Camping is allowed but campfires are off-limits. White Pine is one of my favorite places to camp in the Wasatch. The fishing is slow but the views are worth the skunk. Enjoy!


----------



## Yonni

I have seen some nice bows come out of the lower red pine, the upper lake is so clear that you can sight fish and they are decent size as well. There is a grassy area above all the red pine lakes that I have camped on, the hike gets the heart pumpin but it's worth it. 

the pic in my sig is on the south side of the pfiefferhorn taken in late June, there was still 20+ feet of snow that year up there.


----------



## brookieguy1

Yonni said:


> I have seen some nice bows come out of the lower red pine, the upper lake is so clear that you can sight fish and they are decent size as well. There is a grassy area above all the red pine lakes that I have camped on, the hike gets the heart pumpin but it's worth it.
> 
> the pic in my sig is on the south side of the pfiefferhorn taken in late June, there was still 20+ feet of snow that year up there.

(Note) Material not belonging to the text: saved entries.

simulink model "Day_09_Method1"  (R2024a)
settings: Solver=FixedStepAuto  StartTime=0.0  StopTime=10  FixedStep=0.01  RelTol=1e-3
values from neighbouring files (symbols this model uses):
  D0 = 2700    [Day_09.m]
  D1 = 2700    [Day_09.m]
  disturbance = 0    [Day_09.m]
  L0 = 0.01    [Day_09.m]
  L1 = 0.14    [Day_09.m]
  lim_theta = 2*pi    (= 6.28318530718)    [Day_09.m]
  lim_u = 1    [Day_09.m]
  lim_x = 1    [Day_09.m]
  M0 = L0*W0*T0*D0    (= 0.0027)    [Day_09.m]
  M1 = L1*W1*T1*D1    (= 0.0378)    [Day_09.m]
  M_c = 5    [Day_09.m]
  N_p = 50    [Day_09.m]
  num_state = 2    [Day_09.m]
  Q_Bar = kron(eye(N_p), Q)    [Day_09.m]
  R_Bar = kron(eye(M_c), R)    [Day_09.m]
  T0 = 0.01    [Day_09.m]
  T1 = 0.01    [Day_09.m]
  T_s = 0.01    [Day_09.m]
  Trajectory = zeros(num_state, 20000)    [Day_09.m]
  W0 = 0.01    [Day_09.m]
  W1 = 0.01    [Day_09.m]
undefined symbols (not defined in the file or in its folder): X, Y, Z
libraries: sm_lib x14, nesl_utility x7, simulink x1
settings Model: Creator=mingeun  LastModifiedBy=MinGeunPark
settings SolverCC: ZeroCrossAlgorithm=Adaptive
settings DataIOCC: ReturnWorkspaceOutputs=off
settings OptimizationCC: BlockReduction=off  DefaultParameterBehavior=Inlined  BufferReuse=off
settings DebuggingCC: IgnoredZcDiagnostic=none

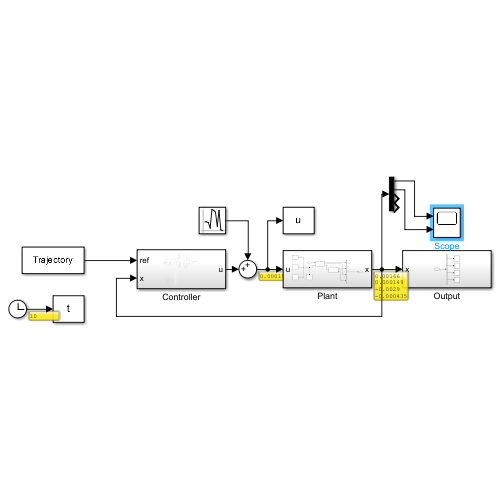
[thumbnail: Simulink's stored preview of the top-level diagram]
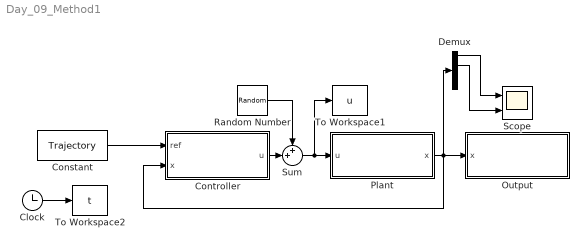
== system Day_09_Method1 ==
  Clock : Clock
  Constant : Constant  Value=Trajectory
  Controller : Subsystem
  Demux : Demux
  Output : Subsystem
  Plant : Subsystem
  Random Number : RandomNumber  Variance=0  SampleTime=T_s
  Scope : Scope  NumInputPorts=2
  Sum : Sum  Inputs=++|
  To Workspace1 : ToWorkspace  VariableName=u  SampleTime=-1
  To Workspace2 : ToWorkspace  VariableName=t  SampleTime=-1
  wires:
  Clock/1 -> To Workspace2/1
  Constant/1 -> Controller/1(ref)
  Plant/1(x) -> Demux/1, Controller/2(x), Output/1(x)
  Controller/1(u) -> Sum/2
  Sum/1 -> To Workspace1/1, Plant/1(u)
  Demux/1 -> Scope/1
  Demux/2 -> Scope/2
  Random Number/1 -> Sum/1

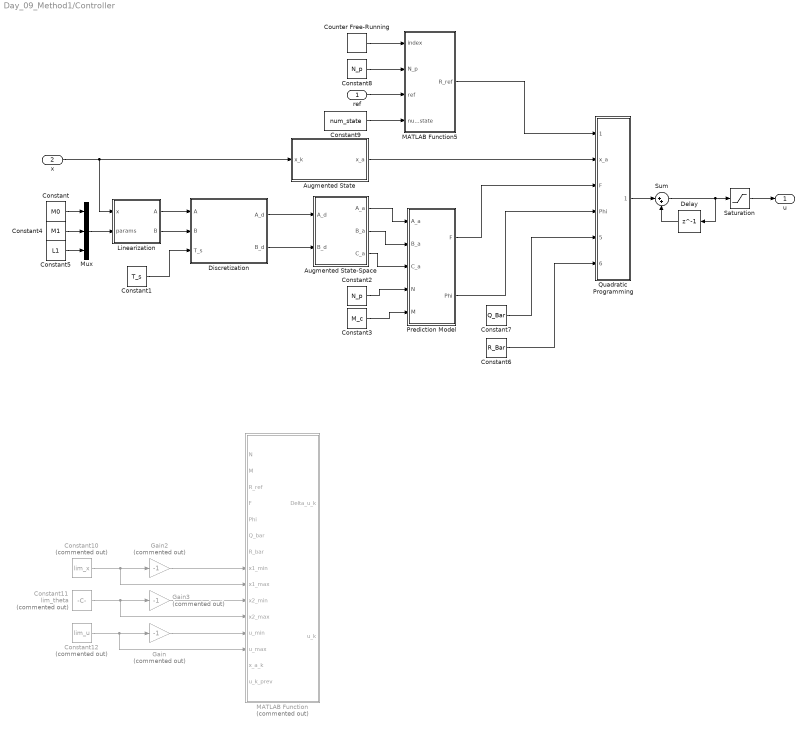
== system Day_09_Method1/Controller ==
  ref : Inport
  x : Inport  Port=2
  Augmented State : Subsystem
  Augmented State-Space : MATLAB Function  TreatAsAtomicUnit=on
  Constant : Constant  Value=M0
  Constant1 : Constant  Value=T_s
  Constant10 : Constant  Commented=on  Value=lim_x
  Constant11 : Constant  Commented=on  Value=lim_theta
  Constant12 : Constant  Commented=on  Value=lim_u
  Constant2 : Constant  Value=N_p
  Constant3 : Constant  Value=M_c
  Constant4 : Constant  Value=M1
  Constant5 : Constant  Value=L1
  Constant6 : Constant  Value=R_Bar
  Constant7 : Constant  Value=Q_Bar
  Constant8 : Constant  Value=N_p
  Constant9 : Constant  Value=num_state
  Counter Free-Running : simulink/Sources/Counter Free-Running  NumBits=32  tsamp=T_s
  Delay : Delay  DelayLength=1
  Discretization : Subsystem
  Gain : Gain  Commented=on  Gain=-1
  Gain2 : Gain  Commented=on  Gain=-1
  Gain3 : Gain  Commented=on  Gain=-1
  Linearization : MATLAB Function  TreatAsAtomicUnit=on
  MATLAB Function : MATLAB Function  Commented=on  TreatAsAtomicUnit=on
  MATLAB Function5 : MATLAB Function  TreatAsAtomicUnit=on
  Mux : Mux  Inputs=3
  Prediction Model : MATLAB Function  TreatAsAtomicUnit=on
  Quadratic Programming : Subsystem
  Saturation : Saturate  UpperLimit=lim_u  LowerLimit=-lim_u
  Sum : Sum  Inputs=|++
  u : Outport
  wires:
  Constant4/1 -> Mux/2
  Constant/1 -> Mux/1
  Sum/1 -> Saturation/1, Delay/1
  ref/1 -> MATLAB Function5/3(ref)
  Constant1/1 -> Discretization/3(T_s)
  Constant9/1 -> MATLAB Function5/4(num_state)
  Linearization/1(A) -> Discretization/1(A)
  Linearization/2(B) -> Discretization/2(B)
  Delay/1 -> Sum/2
  Prediction Model/2(Phi) -> Quadratic Programming/4(Phi)
  Augmented State/1(x_a) -> Quadratic Programming/2(x_a)
  Constant7/1 -> Quadratic Programming/5(Q_Bar)
  Counter Free-Running/1 -> MATLAB Function5/1(index)
  Constant8/1 -> MATLAB Function5/2(N_p)
  x/1 -> Linearization/1(x), Augmented State/1(x_k)
  MATLAB Function5/1(R_ref) -> Quadratic Programming/1(R_ref)
  Augmented State-Space/3(C_a) -> Prediction Model/3(C_a)
  Constant6/1 -> Quadratic Programming/6(R_Bar)
  Constant2/1 -> Prediction Model/4(N)
  Augmented State-Space/2(B_a) -> Prediction Model/2(B_a)
  Prediction Model/1(F) -> Quadratic Programming/3(F)
  Discretization/1(A_d) -> Augmented State-Space/1(A_d)
  Mux/1 -> Linearization/2(params)
  Augmented State-Space/1(A_a) -> Prediction Model/1(A_a)
  Discretization/2(B_d) -> Augmented State-Space/2(B_d)
  Constant3/1 -> Prediction Model/5(M)
  Constant5/1 -> Mux/3
  Constant12/1 -> MATLAB Function/13(u_max), Gain/1
  Constant10/1 -> MATLAB Function/9(x1_max), Gain2/1
  Gain2/1 -> MATLAB Function/8(x1_min)
  Gain3/1 -> MATLAB Function/10(x2_min)
  Constant11/1 -> MATLAB Function/11(x2_max), Gain3/1
  Gain/1 -> MATLAB Function/12(u_min)
  Saturation/1 -> u/1
  Quadratic Programming/1(Delta_u) -> Sum/1

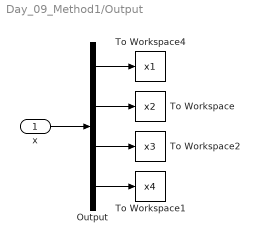
== system Day_09_Method1/Output ==
  x : Inport
  Output : Demux
  To Workspace : ToWorkspace  VariableName=x2  SampleTime=-1
  To Workspace1 : ToWorkspace  VariableName=x4  SampleTime=-1
  To Workspace2 : ToWorkspace  VariableName=x3  SampleTime=-1
  To Workspace4 : ToWorkspace  VariableName=x1  SampleTime=-1
  wires:
  Output/3 -> To Workspace2/1
  Output/4 -> To Workspace1/1
  Output/2 -> To Workspace/1
  Output/1 -> To Workspace4/1
  x/1 -> Output/1

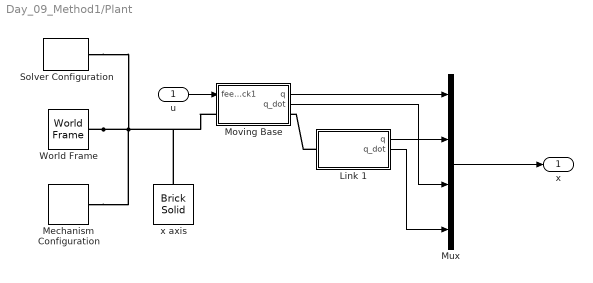
== system Day_09_Method1/Plant ==
  u : Inport
  Link 1 : Subsystem  mask{L=L1*100, W=W1*100, H=T1*100, rho=D1, rgb=[0.25 0.40 0.70], angle=0, F=disturbance}
      mask prompts: L "Length (cm)"; W "Width (cm)"; H "Thickness (cm)"; rho "Density (kg/m^3)"; rgb "Color [R G B]"; angle "Initial Angle (degree)"; F "Disturbance [N]"
  Mechanism Configuration : sm_lib/Utilities/Mechanism Configuration  UniformGravity=Constant  GravityVector=[0 0 -9.81]  GravityVectorUnits=m/s^2  LinearizationDelta=0.001  JointModeTransitionNonlinearIterations=2
  Moving Base : Subsystem  mask{L=L0*100, W=W0*100, H=T0*100, rho=D0, RGB=[0.8 0.45 0.0], x_init=0}
      mask prompts: L "Length (cm)"; W "Width (cm)"; H "Thickness (cm)"; rho "Density (kg/m^3)"; RGB "Color [R G B]"; x_init "x_init (cm)"
  Mux : Mux
  Solver Configuration : nesl_utility/Solver Configuration  PhysicalDomain=network_engine_domain  SubClassName=solver  LeftPortType=input  RightPortType=generic  Tones=[]  Harmonics=[]  SimulateNoise=off  Profile=off  UseLocalSampling=off  EnableSwitchedLinearOptims=on  FrequencyDomain=off  UseCCode=off  RelTol=0.001  AbsTol=0.001  MinStep=1e-09  ToWorkspace=off  RevertToSquareIcSolve=off  NumHomotopyIterations=100  PhasorMode=off  PhasorModeNumHarmonics=1  ConsistencySolver=NEWTON_XTOL_AFTER_FTOL  IndexReductionMethod=DerivativeReplacement  DoDC=off  ResidualTolerance=1e-09  ConsistencyTolSource=GLOBAL  ConsistencyAbsTol=0.001  ConsistencyRelTol=0.001  ConsistencyTolFactor=0.001  UseLocalSolver=off  LocalSolverChoice=NE_BACKWARD_EULER_ADVANCER  ResolveIndetEquations=on  FunctionEvalNumThread=1  LocalSolverSampleTime=0.001  DoFixedCost=off  MaxNonlinIter=3  MaxModeIter=2  ComputeImpulses=off  ImpulseIterations=2  LinearAlgebra=auto  LinearAlgebraNumThread=0  EquationFormulation=NE_TIME_EF  DelaysMemoryBudget=1024  AutomaticFiltering=on  FilteringTimeConstant=0.001  PartitionStorageMethod=AS_NEEDED  PartitionMemoryBudget=1024  PartitionMethod=ROBUST  MultibodyUseLocalSolver=off  MultibodyLocalSolverChoice=ODE1  MultibodyLocalSolverSampleTime=0.001
  World Frame : sm_lib/Frames and Transforms/World Frame
  x axis : sm_lib/Body Elements/Brick Solid  BrickDimensions=[1000 1 1]  BrickDimensionsUnits=mm  ExportEntireGeometry=off  InertiaType=CalculateFromGeometry  BasedOnType=Density  Density=1000  DensityUnits=kg/m^3  Mass=1  MassUnits=kg  CenterOfMass=[0 0 0]  CenterOfMassUnits=m  MomentsOfInertia=[1 1 1]  MomentsOfInertiaUnits=kg*m^2  ProductsOfInertia=[0 0 0]  ProductsOfInertiaUnits=kg*m^2  GraphicType=FromGeometry  MarkerShape=Sphere  MarkerSize=10  GraphicVisPropType=SimpleVisualProperties  GraphicDiffuseColor=[0.0 0.0 0.0]  GraphicOpacity=1  GraphicSpecularColor=[0.5 0.5 0.5 1.0]  GraphicAmbientColor=[0.15 0.15 0.15 1.0]  GraphicEmissiveColor=[0.0 0.0 0.0 1.0]  GraphicShininess=75  DoExposeReferenceFrame=on  SerializedFrames=<Frames/>
  x : Outport
  wires:
  Moving Base/1(q) -> Mux/1
  Link 1/1(q) -> Mux/2
  u/1 -> Moving Base/1(feedback1)
  Link 1/2(q_dot) -> Mux/4
  Moving Base/2(q_dot) -> Mux/3
  Mux/1 -> x/1
  connections:
  World Frame/RConn1 -- Solver Configuration/RConn1 -- Moving Base/LConn1 -- x axis/RConn1 -- Mechanism Configuration/RConn1
  Link 1/LConn1 -- Moving Base/RConn1

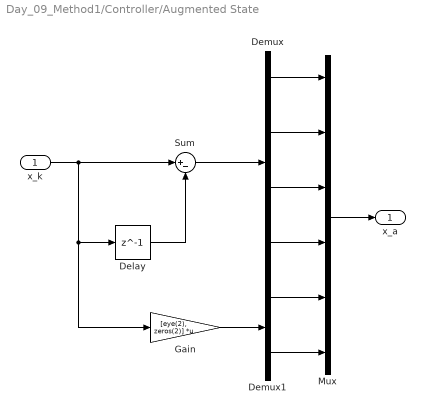
== system Day_09_Method1/Controller/Augmented State ==
  x_k : Inport
  Delay : Delay  DelayLength=1
  Demux : Demux
  Demux1 : Demux  Outputs=2
  Gain : Gain  Gain=[eye(2), zeros(2)]  Multiplication=Matrix(K*u) (u vector)
  Mux : Mux  Inputs=6
  Sum : Sum  Inputs=|+-
  x_a : Outport
  wires:
  x_k/1 -> Sum/1, Gain/1, Delay/1
  Sum/1 -> Demux/1
  Demux/1 -> Mux/1
  Demux/2 -> Mux/2
  Demux/3 -> Mux/3
  Demux/4 -> Mux/4
  Demux1/1 -> Mux/5
  Demux1/2 -> Mux/6
  Mux/1 -> x_a/1
  Delay/1 -> Sum/2
  Gain/1 -> Demux1/1

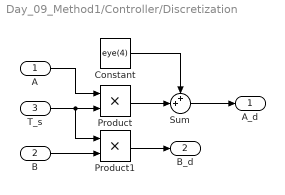
== system Day_09_Method1/Controller/Discretization ==
  A : Inport
  B : Inport  Port=2
  T_s : Inport  Port=3
  Constant : Constant  Value=eye(4)
  Product : Product
  Product1 : Product
  Sum : Sum  Inputs=++|
  A_d : Outport
  B_d : Outport  Port=2
  wires:
  Sum/1 -> A_d/1
  Product1/1 -> B_d/1
  Constant/1 -> Sum/1
  B/1 -> Product1/2
  T_s/1 -> Product1/1, Product/2
  Product/1 -> Sum/2
  A/1 -> Product/1

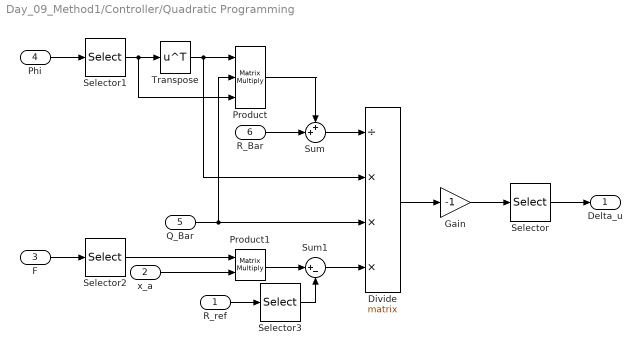
== system Day_09_Method1/Controller/Quadratic Programming ==
  R_ref : Inport
  x_a : Inport  Port=2
  F : Inport  Port=3
  Phi : Inport  Port=4
  Q_Bar : Inport  Port=5
  R_Bar : Inport  Port=6
  Divide : Product  Inputs=/***  Multiplication=Matrix(*)
  Gain : Gain  Gain=-1
  Product : Product  Inputs=3  Multiplication=Matrix(*)
  Product1 : Product  Multiplication=Matrix(*)
  Selector : Selector  InputPortWidth=M_c  IndexOptions=Index vector (dialog)  Indices=1  OutputSizes=1
  Selector1 : Selector  NumberOfDimensions=2  InputPortWidth=3  IndexOptions=Index vector (dialog),Index vector (dialog)  Indices=[1:N_p*num_state],[1:M_c]  OutputSizes=1,1
  Selector2 : Selector  NumberOfDimensions=2  InputPortWidth=3  IndexOptions=Index vector (dialog),Index vector (dialog)  Indices=[1:N_p*num_state],[1:4 + num_state]  OutputSizes=1,1
  Selector3 : Selector  NumberOfDimensions=2  InputPortWidth=N_p*2  IndexOptions=Index vector (dialog),Index vector (dialog)  Indices=[1:N_p*num_state],1  OutputSizes=1,1
  Sum : Sum  Inputs=++|
  Sum1 : Sum  Inputs=|+-
  Transpose : Math  Operator=transpose
  Delta_u : Outport
  wires:
  Selector/1 -> Delta_u/1
  Gain/1 -> Selector/1
  Divide/1 -> Gain/1
  Sum1/1 -> Divide/4
  Product1/1 -> Sum1/1
  Sum/1 -> Divide/1
  R_Bar/1 -> Sum/2
  F/1 -> Selector2/1
  Product/1 -> Sum/1
  Q_Bar/1 -> Product/2, Divide/3
  Transpose/1 -> Divide/2, Product/1
  Phi/1 -> Selector1/1
  Selector1/1 -> Product/3, Transpose/1
  Selector2/1 -> Product1/1
  R_ref/1 -> Selector3/1
  Selector3/1 -> Sum1/2
  x_a/1 -> Product1/2

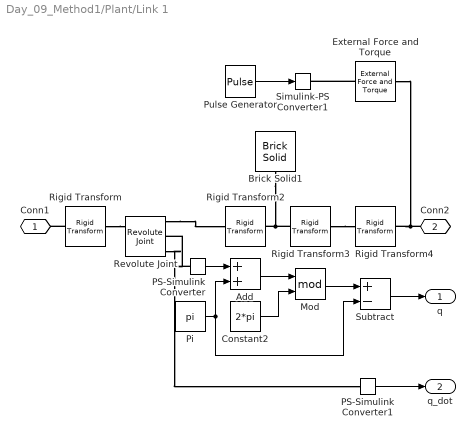
== system Day_09_Method1/Plant/Link 1 ==
  Add : Sum
  Brick Solid1 : sm_lib/Body Elements/Brick Solid  BrickDimensions=[L W H]  BrickDimensionsUnits=cm  ExportEntireGeometry=off  InertiaType=CalculateFromGeometry  BasedOnType=Density  Density=rho  DensityUnits=kg/m^3  Mass=1  MassUnits=kg  CenterOfMass=[0 0 0]  CenterOfMassUnits=m  MomentsOfInertia=[1 1 1]  MomentsOfInertiaUnits=kg*m^2  ProductsOfInertia=[0 0 0]  ProductsOfInertiaUnits=kg*m^2  GraphicType=FromGeometry  MarkerShape=Sphere  MarkerSize=10  GraphicVisPropType=SimpleVisualProperties  GraphicDiffuseColor=rgb  GraphicOpacity=1  GraphicSpecularColor=[0.5 0.5 0.5 1.0]  GraphicAmbientColor=[0.15 0.15 0.15 1.0]  GraphicEmissiveColor=[0.0 0.0 0.0 1.0]  GraphicShininess=75  DoExposeReferenceFrame=on  SerializedFrames=<Frames/>
  Constant2 : Constant  Value=2*pi
  External Force and Torque : sm_lib/Forces and Torques/External Force and Torque  EnableForceX=on  EnableForceY=off  EnableForceZ=off  EnableForce=off  ForceResolutionFrame=World  EnableTorqueX=off  EnableTorqueY=off  EnableTorqueZ=off  EnableTorque=off  TorqueResolutionFrame=World
  Mod : Math  Operator=mod  OutputSignalType=real
  PS-Simulink Converter : nesl_utility/PS-Simulink Converter  PhysicalDomain=network_engine_domain  SubClassName=ps_output  LeftPortType=input  RightPortType=output  PseudoPeriodic=off  Frequencies=[]  VectorFormat=inherit  Unit=inherit  AffineConversion=off
  PS-Simulink Converter1 : nesl_utility/PS-Simulink Converter  PhysicalDomain=network_engine_domain  SubClassName=ps_output  LeftPortType=input  RightPortType=output  PseudoPeriodic=off  Frequencies=[]  VectorFormat=inherit  Unit=inherit  AffineConversion=off
  Pi : Constant  Value=pi  OutDataTypeStr=Inherit: Inherit via back propagation
  Pulse Generator : DiscretePulseGenerator  PulseType=Time based  Amplitude=F  Period=1000000  PulseWidth=1/1000000  PhaseDelay=0.25
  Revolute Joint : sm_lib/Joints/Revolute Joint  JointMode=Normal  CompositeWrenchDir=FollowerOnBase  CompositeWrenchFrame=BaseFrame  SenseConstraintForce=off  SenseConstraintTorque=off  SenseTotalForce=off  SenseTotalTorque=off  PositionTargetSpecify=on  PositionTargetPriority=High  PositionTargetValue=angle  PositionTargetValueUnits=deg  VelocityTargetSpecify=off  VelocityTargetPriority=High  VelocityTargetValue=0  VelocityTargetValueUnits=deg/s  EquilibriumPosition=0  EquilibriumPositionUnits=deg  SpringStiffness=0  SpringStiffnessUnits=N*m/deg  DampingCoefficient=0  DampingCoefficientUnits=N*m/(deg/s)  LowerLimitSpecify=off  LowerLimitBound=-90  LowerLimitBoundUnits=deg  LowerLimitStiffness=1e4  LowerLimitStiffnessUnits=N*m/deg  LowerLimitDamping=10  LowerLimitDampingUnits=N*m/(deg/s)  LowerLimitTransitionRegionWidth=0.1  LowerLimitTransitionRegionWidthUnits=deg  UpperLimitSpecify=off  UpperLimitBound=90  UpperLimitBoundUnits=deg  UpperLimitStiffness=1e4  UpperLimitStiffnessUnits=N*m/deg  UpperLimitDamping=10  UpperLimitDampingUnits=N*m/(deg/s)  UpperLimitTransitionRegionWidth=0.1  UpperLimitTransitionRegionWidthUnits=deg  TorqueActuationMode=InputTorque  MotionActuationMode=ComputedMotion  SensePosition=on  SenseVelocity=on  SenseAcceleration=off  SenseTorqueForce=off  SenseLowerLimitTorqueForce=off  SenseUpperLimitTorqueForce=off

Rainbows? I don't think so.


----------



## Yonni

brookieguy1 said:


> Yonni said:
> 
> 
> 
> I have seen some nice bows come out of the lower red pine, the upper lake is so clear that you can sight fish and they are decent size as well. There is a grassy area above all the red pine lakes that I have camped on, the hike gets the heart pumpin but it's worth it.
> 
> the pic in my sig is on the south side of the pfiefferhorn taken in late June, there was still 20+ feet of snow that year up there.
> 
> 
> 
> Rainbows? I don't think so.
Click to expand...

funny you question that because I have seen rainbows pulled out by myself and my fishing buddy, this isn't hearsay, it happened.


----------



## doody

I was thinking that you COULD have fires up White pine, just not red pine or maybird. Anybody have s link to more info? Was gonna take the family up and a fire sure would add to the experience.


----------



## tye dye twins

I have personally seen a trout scatter from me when I approached the inlet of White Pine lake. The water was so clear that I could see it run right back into the depths of the lake. They are in there!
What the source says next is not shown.